%%

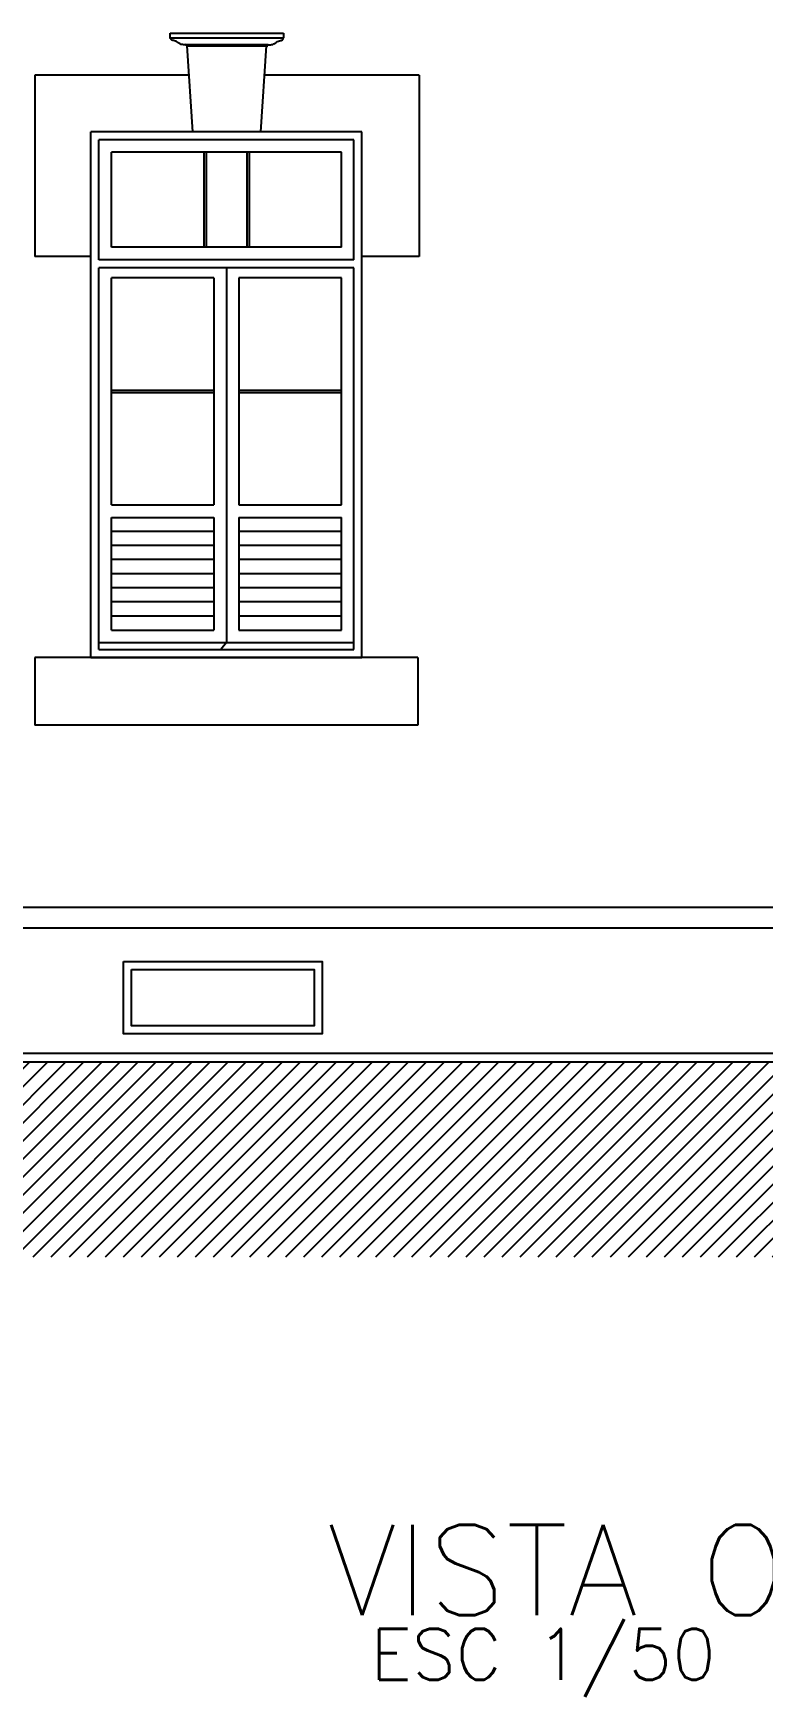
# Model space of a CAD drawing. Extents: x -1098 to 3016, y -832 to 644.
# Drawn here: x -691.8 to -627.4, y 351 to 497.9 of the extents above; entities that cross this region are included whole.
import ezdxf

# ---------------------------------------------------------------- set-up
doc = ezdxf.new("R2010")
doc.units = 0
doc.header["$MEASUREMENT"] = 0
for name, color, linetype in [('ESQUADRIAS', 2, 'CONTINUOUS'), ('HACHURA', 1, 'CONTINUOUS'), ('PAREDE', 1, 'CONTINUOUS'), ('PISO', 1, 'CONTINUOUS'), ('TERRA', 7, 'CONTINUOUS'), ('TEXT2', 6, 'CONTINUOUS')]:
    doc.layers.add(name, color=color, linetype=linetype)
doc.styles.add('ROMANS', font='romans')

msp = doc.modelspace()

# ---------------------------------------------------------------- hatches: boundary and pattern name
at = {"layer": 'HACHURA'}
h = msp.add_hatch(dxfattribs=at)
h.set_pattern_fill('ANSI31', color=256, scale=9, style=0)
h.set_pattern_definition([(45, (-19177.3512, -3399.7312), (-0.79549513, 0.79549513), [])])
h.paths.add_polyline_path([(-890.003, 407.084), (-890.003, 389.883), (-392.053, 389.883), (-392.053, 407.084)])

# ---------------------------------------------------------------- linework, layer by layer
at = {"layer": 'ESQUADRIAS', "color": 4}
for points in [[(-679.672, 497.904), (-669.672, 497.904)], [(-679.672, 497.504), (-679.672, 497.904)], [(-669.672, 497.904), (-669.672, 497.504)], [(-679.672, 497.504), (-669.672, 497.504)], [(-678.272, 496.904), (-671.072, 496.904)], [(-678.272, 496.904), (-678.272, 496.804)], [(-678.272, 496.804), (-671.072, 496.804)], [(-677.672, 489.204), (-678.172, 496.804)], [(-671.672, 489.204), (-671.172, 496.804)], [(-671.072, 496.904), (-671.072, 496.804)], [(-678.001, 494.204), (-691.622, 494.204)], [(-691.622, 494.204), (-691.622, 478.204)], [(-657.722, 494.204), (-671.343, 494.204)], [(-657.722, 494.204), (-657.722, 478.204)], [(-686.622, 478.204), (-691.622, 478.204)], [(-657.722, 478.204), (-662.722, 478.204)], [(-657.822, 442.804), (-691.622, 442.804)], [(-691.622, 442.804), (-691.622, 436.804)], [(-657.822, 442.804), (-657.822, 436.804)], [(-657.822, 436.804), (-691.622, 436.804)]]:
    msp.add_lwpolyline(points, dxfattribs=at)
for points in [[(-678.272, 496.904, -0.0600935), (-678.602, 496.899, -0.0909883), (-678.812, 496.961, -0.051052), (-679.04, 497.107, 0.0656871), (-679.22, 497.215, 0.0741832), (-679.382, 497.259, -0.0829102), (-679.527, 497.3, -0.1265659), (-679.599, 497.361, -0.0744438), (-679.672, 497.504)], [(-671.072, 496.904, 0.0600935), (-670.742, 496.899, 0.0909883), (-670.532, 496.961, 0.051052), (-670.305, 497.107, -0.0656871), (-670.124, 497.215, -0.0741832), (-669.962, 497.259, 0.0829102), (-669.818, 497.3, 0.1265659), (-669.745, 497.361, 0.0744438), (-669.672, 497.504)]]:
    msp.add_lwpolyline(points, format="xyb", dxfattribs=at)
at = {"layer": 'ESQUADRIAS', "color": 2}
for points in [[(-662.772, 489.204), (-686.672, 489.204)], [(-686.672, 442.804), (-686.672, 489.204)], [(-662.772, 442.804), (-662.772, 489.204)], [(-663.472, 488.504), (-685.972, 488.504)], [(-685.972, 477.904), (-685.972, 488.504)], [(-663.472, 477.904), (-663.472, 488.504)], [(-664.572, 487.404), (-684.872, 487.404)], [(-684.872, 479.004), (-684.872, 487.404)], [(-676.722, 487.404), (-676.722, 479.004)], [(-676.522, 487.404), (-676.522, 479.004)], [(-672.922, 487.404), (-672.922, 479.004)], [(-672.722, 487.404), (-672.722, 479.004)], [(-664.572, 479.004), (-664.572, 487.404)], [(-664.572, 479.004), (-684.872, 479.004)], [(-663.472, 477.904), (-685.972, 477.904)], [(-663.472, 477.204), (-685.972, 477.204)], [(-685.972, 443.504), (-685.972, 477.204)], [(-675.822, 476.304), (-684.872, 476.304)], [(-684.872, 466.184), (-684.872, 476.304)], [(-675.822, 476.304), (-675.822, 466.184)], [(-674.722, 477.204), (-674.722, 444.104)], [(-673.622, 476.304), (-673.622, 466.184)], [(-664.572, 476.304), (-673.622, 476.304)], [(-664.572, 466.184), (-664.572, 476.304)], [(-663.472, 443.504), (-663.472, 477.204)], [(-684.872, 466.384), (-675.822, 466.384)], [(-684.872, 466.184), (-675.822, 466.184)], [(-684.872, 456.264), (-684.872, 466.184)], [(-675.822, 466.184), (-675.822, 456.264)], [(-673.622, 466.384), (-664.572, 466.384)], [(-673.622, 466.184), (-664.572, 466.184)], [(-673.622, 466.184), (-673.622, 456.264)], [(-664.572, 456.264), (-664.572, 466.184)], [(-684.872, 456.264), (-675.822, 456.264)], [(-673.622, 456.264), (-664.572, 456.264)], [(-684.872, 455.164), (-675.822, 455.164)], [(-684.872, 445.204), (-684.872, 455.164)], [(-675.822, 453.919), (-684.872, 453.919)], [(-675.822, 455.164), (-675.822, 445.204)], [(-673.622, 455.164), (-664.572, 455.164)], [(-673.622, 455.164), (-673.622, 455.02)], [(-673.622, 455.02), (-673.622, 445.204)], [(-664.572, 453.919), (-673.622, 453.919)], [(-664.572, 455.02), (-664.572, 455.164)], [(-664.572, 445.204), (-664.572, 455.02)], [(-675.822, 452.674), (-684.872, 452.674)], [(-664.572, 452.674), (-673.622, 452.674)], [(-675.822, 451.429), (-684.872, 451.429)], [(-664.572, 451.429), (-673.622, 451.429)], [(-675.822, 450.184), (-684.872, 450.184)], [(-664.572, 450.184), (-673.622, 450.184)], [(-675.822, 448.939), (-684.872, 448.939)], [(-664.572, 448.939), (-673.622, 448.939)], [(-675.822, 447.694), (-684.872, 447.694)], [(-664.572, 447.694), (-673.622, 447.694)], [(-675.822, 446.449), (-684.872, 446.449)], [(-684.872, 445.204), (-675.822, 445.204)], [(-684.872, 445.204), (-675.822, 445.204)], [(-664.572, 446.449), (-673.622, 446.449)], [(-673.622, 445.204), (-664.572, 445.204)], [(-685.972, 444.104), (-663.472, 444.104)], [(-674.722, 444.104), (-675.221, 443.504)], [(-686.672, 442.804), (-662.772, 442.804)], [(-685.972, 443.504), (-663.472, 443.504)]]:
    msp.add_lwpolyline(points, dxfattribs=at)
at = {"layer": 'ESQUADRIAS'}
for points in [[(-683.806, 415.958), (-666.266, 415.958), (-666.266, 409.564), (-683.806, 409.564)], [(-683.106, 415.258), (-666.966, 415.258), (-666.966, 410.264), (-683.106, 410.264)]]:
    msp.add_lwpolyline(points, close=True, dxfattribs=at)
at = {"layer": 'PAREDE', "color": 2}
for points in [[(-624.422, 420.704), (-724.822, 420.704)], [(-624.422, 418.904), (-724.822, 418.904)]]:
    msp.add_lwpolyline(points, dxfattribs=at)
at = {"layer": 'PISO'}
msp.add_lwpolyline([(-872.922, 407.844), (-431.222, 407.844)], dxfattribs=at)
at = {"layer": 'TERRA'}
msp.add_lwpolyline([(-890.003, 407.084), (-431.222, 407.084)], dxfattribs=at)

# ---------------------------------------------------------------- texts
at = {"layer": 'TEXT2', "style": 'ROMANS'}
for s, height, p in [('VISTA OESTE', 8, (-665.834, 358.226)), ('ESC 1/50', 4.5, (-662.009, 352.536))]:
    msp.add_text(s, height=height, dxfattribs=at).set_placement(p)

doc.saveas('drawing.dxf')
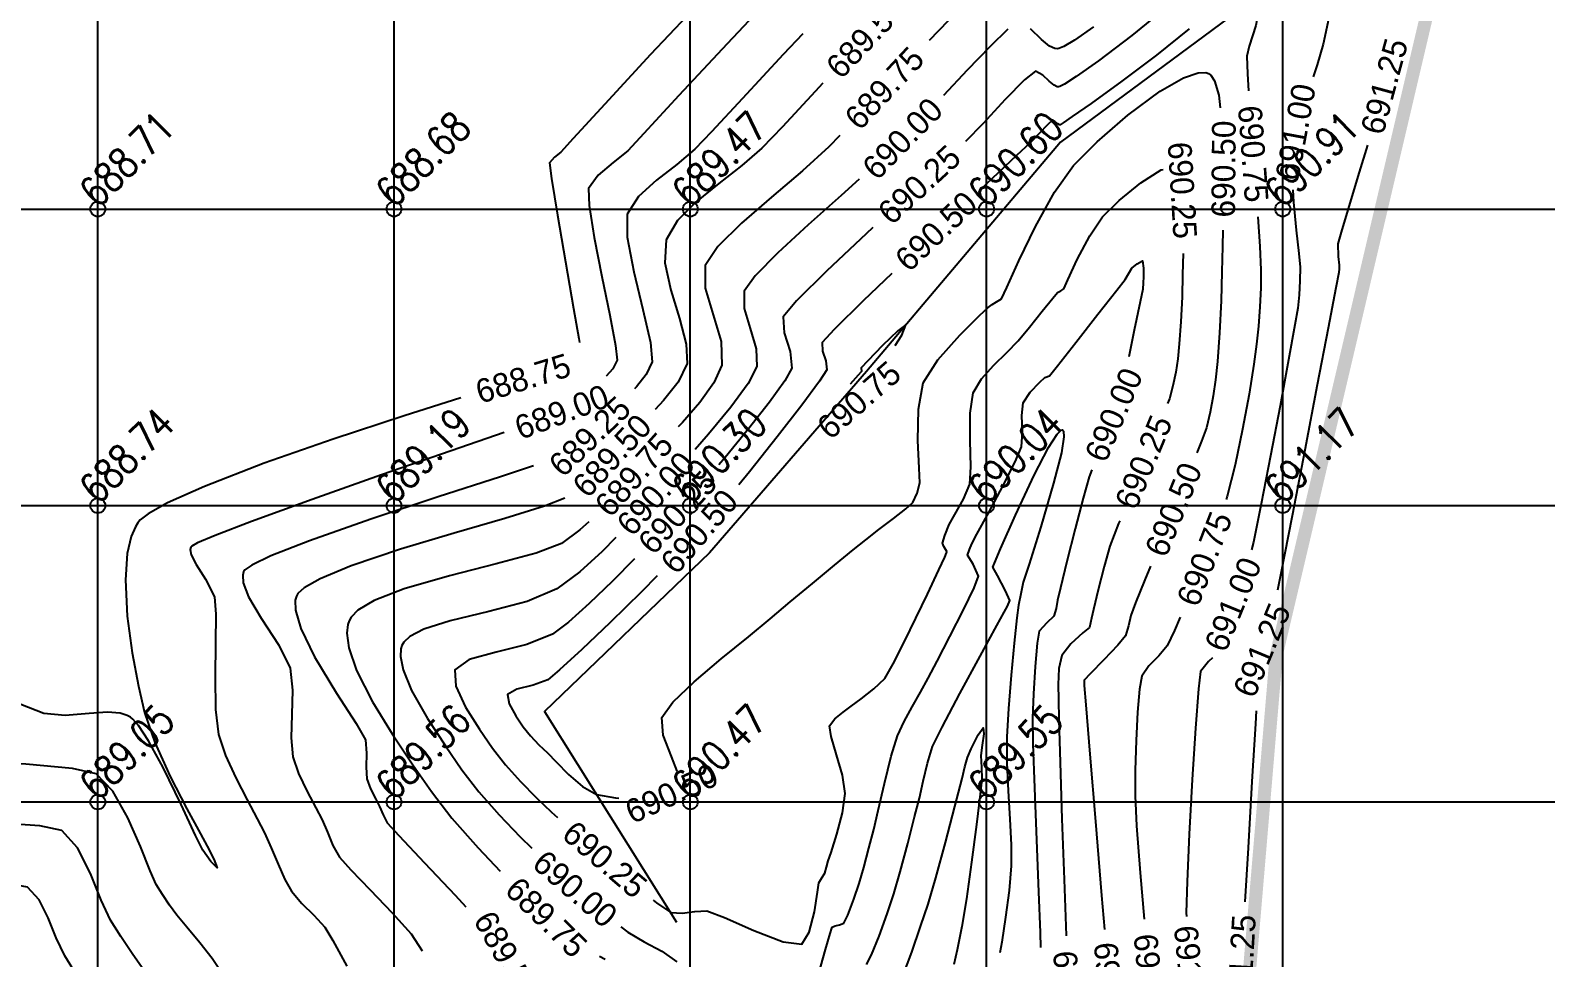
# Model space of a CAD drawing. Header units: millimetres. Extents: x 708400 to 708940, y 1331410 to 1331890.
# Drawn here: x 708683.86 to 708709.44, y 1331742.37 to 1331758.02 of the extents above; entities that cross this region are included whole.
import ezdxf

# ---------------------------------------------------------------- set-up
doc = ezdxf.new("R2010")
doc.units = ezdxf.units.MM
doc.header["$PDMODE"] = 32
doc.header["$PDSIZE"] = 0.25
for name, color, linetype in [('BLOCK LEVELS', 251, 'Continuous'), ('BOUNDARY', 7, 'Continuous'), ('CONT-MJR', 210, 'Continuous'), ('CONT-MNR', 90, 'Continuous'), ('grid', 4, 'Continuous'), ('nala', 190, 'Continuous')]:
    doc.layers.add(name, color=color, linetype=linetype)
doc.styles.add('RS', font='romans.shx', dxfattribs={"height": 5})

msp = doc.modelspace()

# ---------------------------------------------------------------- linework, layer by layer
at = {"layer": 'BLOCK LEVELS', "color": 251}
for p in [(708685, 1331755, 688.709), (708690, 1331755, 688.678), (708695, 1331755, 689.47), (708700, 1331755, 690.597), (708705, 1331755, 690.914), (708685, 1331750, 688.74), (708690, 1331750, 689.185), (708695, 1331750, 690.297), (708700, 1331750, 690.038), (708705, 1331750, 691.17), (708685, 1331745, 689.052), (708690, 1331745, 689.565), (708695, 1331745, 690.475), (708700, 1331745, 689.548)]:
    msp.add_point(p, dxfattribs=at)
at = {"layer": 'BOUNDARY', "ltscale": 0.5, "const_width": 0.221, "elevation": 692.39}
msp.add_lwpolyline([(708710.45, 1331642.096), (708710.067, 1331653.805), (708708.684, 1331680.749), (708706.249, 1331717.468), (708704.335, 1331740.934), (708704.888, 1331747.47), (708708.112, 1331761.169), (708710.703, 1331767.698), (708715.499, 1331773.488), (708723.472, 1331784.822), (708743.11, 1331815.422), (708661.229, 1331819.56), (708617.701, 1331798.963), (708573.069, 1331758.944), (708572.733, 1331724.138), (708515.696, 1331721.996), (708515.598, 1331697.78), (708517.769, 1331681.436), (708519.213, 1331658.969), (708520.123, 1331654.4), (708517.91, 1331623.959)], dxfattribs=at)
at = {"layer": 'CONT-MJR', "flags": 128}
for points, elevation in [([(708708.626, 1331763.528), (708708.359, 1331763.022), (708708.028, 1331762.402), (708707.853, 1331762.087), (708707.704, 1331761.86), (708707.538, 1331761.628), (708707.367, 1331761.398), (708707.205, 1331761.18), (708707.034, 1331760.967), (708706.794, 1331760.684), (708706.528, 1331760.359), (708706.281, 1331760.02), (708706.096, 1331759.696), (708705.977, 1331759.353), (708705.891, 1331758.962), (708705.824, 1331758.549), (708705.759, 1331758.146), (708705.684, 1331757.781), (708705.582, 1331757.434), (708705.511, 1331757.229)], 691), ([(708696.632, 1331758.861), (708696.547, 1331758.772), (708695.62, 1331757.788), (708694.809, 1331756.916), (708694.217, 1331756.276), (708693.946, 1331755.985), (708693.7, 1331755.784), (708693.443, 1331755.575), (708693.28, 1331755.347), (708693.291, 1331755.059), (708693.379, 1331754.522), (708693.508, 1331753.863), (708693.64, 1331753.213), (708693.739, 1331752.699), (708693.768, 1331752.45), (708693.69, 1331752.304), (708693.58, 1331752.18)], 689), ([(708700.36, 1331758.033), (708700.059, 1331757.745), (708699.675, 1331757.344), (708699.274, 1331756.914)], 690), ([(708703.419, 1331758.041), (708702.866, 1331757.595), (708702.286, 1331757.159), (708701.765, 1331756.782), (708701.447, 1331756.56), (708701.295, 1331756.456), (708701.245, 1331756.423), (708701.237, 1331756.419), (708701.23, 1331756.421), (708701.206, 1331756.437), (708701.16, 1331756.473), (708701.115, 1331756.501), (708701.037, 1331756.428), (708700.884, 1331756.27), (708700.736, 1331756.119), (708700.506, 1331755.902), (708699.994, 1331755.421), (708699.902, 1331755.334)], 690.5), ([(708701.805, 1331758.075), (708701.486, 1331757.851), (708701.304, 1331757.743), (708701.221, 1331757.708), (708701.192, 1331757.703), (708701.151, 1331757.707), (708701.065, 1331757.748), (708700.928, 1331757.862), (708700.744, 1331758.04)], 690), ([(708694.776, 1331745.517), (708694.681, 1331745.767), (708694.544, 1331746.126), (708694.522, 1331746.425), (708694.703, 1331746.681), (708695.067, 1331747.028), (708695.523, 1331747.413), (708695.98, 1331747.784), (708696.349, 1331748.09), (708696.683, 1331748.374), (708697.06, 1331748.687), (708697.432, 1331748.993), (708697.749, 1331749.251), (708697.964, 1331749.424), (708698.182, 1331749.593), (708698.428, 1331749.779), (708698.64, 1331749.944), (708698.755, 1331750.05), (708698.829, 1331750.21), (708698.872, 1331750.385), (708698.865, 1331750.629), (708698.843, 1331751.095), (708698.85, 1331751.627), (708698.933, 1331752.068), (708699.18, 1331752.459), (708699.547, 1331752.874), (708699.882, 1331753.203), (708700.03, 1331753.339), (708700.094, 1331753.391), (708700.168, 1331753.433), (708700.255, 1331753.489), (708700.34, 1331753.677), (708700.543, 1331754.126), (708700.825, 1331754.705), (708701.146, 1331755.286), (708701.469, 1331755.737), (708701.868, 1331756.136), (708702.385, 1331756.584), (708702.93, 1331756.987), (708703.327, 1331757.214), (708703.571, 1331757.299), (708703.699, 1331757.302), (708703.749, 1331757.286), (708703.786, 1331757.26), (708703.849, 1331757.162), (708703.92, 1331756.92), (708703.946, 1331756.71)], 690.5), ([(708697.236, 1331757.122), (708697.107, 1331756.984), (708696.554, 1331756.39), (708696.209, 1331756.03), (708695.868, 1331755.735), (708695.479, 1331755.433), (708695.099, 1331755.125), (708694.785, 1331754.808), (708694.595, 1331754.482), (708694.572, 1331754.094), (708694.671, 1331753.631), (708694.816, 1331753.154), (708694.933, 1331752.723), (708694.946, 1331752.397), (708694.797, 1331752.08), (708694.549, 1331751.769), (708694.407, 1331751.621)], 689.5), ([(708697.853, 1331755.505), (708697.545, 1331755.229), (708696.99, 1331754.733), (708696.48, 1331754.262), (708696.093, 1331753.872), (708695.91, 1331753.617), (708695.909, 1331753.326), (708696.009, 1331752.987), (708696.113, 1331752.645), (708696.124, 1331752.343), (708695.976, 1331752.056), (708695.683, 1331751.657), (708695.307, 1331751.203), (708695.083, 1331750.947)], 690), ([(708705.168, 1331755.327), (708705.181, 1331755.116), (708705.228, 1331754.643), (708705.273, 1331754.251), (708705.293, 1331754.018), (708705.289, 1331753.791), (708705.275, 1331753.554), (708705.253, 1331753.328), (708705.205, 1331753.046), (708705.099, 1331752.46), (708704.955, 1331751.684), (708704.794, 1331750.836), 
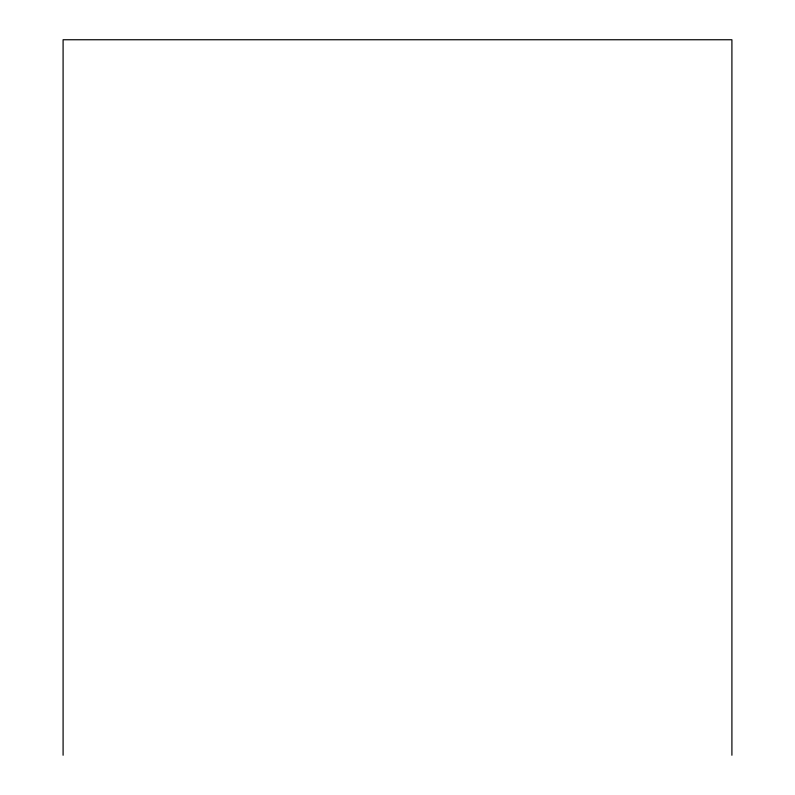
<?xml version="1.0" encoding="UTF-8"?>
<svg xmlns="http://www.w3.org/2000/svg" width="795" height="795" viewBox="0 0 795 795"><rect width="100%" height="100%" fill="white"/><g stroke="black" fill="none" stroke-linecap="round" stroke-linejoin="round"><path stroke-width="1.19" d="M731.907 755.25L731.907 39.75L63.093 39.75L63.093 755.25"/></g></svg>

%%

> Exercise objective
In the records above, locate the lines holding the word "PISO". Copy each of them.

> Answer for this exercise
for name, color, linetype in [('ESQUADRIAS', 2, 'CONTINUOUS'), ('HACHURA', 1, 'CONTINUOUS'), ('PAREDE', 1, 'CONTINUOUS'), ('PISO', 1, 'CONTINUOUS'), ('TERRA', 7, 'CONTINUOUS'), ('TEXT2', 6, 'CONTINUOUS')]:
at = {"layer": 'PISO'}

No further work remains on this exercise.